In his half-century research career, Clerk made important contributions to botany, ecology, fungal science and plant pathology. In the early 1960s, he was a research officer of the Plant Services Division of the Ministry of Agriculture. G. C. Clerk joined the botany faculty of the University of Ghana in August 1964. His groundbreaking work on the fungal causes of the black pod disease in cocoa resulted in a Fulbright Research Fellowship at the University of California, Riverside in the United States in the early 1970s. In California, George Clerk further investigated the disease mechanism of fungi using transmission electron microscopy. He wrote high school textbooks in ecology, statistical analysis and interpretation of biological data. Also, he authored university-level books, including his major work, “Crops and their diseases in Ghana,” published in 1974 by the Ghana Publishing Corporation, Tema and for which he received the 1982 Ghana Book Award by the Ghana Book Developing Council of the Ministry of Education in Accra. He co-contributed to the African Encyclopedia, first published by Oxford University Press in 1974. He was the sole Fellow to be inducted into the learned society, the Ghana Academy of Arts and Sciences in the year 1973 - his annus mirabilis.

George Clerk’s service to his university included a two-term stint as the chairman of the botany department. He was the Hall Master and Senior Tutor of the Senior Common Room at Akuafo Hall, a student residence. He also served as the Dean of Graduate Studies at the university. Nationally, he was on the boards of more than 17 scientific research, cultural exchange and international cooperation committees and agencies including the Council for Scientific and Industrial Research, Cocoa Research Institute of Ghana, Ghana Atomic Energy Commission, Institute for Aquatic Biology (now Water Research Institute), Volta Basin Research Project and the Ghana National UNESCO Commission. In the 1970s, he was a regional representative of the Association of African Universities. His role as the chief examiner for biology at the West African Examinations Council spanned thirty years. Clerk went on sabbatical abroad to Ahmadu Bello University, Zaria and the University of Lagos, both in Nigeria. In the 1980s, he taught at the University of Port Harcourt, where he was appointed the Dean of Science. He retired fully from university teaching and research activities in 2014, at the age of 83. In the dying embers of his life, he sometimes advised graduate students.

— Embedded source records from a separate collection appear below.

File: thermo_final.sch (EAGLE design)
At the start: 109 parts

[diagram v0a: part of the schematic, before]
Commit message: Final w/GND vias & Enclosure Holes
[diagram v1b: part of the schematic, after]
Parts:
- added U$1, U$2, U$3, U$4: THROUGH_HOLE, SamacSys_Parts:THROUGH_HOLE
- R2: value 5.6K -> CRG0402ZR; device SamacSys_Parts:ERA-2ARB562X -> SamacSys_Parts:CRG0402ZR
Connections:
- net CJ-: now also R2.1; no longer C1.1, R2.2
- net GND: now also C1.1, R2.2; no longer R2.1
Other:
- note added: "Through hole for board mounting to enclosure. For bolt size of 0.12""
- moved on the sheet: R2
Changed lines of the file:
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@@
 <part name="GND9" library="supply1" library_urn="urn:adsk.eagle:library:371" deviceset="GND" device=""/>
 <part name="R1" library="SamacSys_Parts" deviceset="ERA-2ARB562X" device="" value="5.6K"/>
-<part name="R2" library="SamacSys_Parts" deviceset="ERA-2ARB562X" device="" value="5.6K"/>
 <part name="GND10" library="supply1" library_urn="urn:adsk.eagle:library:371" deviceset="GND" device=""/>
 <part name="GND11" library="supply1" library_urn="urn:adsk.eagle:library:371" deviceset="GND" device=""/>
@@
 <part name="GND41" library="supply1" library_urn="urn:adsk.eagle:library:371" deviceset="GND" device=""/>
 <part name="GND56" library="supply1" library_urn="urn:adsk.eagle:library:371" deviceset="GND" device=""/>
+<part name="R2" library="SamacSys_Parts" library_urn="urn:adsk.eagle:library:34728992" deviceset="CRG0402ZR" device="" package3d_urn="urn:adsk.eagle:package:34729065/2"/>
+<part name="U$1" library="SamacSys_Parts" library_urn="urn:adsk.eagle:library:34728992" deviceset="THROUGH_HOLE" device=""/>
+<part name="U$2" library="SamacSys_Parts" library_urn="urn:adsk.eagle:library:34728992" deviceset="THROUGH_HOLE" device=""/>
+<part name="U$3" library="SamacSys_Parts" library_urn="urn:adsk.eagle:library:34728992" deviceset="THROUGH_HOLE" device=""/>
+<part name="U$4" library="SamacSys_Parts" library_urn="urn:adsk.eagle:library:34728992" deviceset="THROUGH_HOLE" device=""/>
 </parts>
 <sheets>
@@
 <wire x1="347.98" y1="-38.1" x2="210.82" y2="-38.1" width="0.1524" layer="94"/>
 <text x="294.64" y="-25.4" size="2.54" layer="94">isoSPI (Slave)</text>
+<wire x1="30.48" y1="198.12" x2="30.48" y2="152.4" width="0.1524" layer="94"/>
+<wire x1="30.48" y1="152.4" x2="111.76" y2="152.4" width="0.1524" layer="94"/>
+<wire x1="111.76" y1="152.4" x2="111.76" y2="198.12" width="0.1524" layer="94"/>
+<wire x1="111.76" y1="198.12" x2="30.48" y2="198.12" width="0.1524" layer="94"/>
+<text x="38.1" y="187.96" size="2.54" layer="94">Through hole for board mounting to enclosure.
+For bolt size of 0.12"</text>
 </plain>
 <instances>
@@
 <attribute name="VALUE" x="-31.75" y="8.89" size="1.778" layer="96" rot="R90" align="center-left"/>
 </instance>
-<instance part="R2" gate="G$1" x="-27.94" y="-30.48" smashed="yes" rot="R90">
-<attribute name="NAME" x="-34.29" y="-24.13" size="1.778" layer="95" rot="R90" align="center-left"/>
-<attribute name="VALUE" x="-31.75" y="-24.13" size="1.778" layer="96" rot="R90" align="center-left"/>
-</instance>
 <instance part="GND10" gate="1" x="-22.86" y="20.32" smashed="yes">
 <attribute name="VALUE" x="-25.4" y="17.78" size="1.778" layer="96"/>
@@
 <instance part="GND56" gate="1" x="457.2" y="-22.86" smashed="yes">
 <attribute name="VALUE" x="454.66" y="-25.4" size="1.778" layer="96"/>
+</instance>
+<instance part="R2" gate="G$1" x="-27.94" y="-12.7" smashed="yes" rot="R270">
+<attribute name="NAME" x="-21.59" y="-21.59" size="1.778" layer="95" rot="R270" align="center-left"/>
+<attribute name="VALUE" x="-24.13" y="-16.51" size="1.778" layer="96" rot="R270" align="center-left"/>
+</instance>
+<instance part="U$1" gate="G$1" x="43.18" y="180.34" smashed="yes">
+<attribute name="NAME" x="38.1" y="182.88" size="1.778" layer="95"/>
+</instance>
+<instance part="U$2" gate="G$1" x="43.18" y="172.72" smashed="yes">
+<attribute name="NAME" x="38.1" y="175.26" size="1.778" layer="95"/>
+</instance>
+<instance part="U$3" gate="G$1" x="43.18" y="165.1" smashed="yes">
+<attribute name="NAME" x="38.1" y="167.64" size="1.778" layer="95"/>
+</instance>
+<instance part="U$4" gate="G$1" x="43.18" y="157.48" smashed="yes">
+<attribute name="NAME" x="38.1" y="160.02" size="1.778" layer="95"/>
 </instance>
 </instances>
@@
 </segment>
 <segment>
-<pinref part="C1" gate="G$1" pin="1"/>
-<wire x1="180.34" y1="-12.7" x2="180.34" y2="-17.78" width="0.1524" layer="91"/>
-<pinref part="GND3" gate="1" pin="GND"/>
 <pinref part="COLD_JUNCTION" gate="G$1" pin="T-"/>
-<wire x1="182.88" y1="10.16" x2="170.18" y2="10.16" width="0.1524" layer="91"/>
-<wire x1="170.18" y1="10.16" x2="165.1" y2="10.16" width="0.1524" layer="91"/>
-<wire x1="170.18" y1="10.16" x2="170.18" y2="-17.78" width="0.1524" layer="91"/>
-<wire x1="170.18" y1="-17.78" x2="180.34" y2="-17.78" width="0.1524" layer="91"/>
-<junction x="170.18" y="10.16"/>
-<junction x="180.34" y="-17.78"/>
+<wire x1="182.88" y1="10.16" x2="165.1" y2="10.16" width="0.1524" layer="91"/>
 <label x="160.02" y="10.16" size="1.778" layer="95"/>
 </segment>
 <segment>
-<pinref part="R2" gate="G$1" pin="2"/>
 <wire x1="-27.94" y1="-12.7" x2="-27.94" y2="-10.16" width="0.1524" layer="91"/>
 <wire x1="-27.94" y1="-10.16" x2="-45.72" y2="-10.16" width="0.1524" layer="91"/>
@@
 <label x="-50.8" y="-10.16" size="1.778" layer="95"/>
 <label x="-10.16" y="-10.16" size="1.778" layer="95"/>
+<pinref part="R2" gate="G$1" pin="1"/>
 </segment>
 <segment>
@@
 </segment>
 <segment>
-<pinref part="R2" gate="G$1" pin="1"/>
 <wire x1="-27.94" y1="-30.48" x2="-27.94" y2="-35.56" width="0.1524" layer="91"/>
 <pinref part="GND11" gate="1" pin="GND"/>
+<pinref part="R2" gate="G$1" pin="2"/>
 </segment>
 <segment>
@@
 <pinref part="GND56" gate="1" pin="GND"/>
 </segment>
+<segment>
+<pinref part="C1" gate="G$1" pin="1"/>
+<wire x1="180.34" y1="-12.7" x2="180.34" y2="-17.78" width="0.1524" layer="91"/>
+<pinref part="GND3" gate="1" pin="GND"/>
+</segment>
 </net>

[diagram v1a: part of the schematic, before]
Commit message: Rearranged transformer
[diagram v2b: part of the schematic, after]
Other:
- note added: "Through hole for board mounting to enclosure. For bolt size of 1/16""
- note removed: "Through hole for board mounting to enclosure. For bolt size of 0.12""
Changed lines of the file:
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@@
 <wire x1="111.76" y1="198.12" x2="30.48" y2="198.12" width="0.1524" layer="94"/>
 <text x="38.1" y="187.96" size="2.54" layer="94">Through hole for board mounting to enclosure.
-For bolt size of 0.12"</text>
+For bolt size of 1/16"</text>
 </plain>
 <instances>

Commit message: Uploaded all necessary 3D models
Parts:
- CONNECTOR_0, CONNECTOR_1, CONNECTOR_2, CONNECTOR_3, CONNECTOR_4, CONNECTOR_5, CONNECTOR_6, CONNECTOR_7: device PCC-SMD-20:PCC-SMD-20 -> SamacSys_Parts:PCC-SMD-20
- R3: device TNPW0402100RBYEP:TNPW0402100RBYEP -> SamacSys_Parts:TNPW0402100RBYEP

On the first day of every semester, Professor Clerk often began his courses by reminding his students, “One does not deliver a lecture in a science class. Science is taught.” For George Clerk, his legacy is not only tied to his pioneering and outstanding contributions to his field but also to the legions of students, to whom he imparted his vast scientific knowledge, in those lecture halls, laboratories and during field trips – the real seedlings of his life’s work that germinated into influential global citizens, in academia and public life.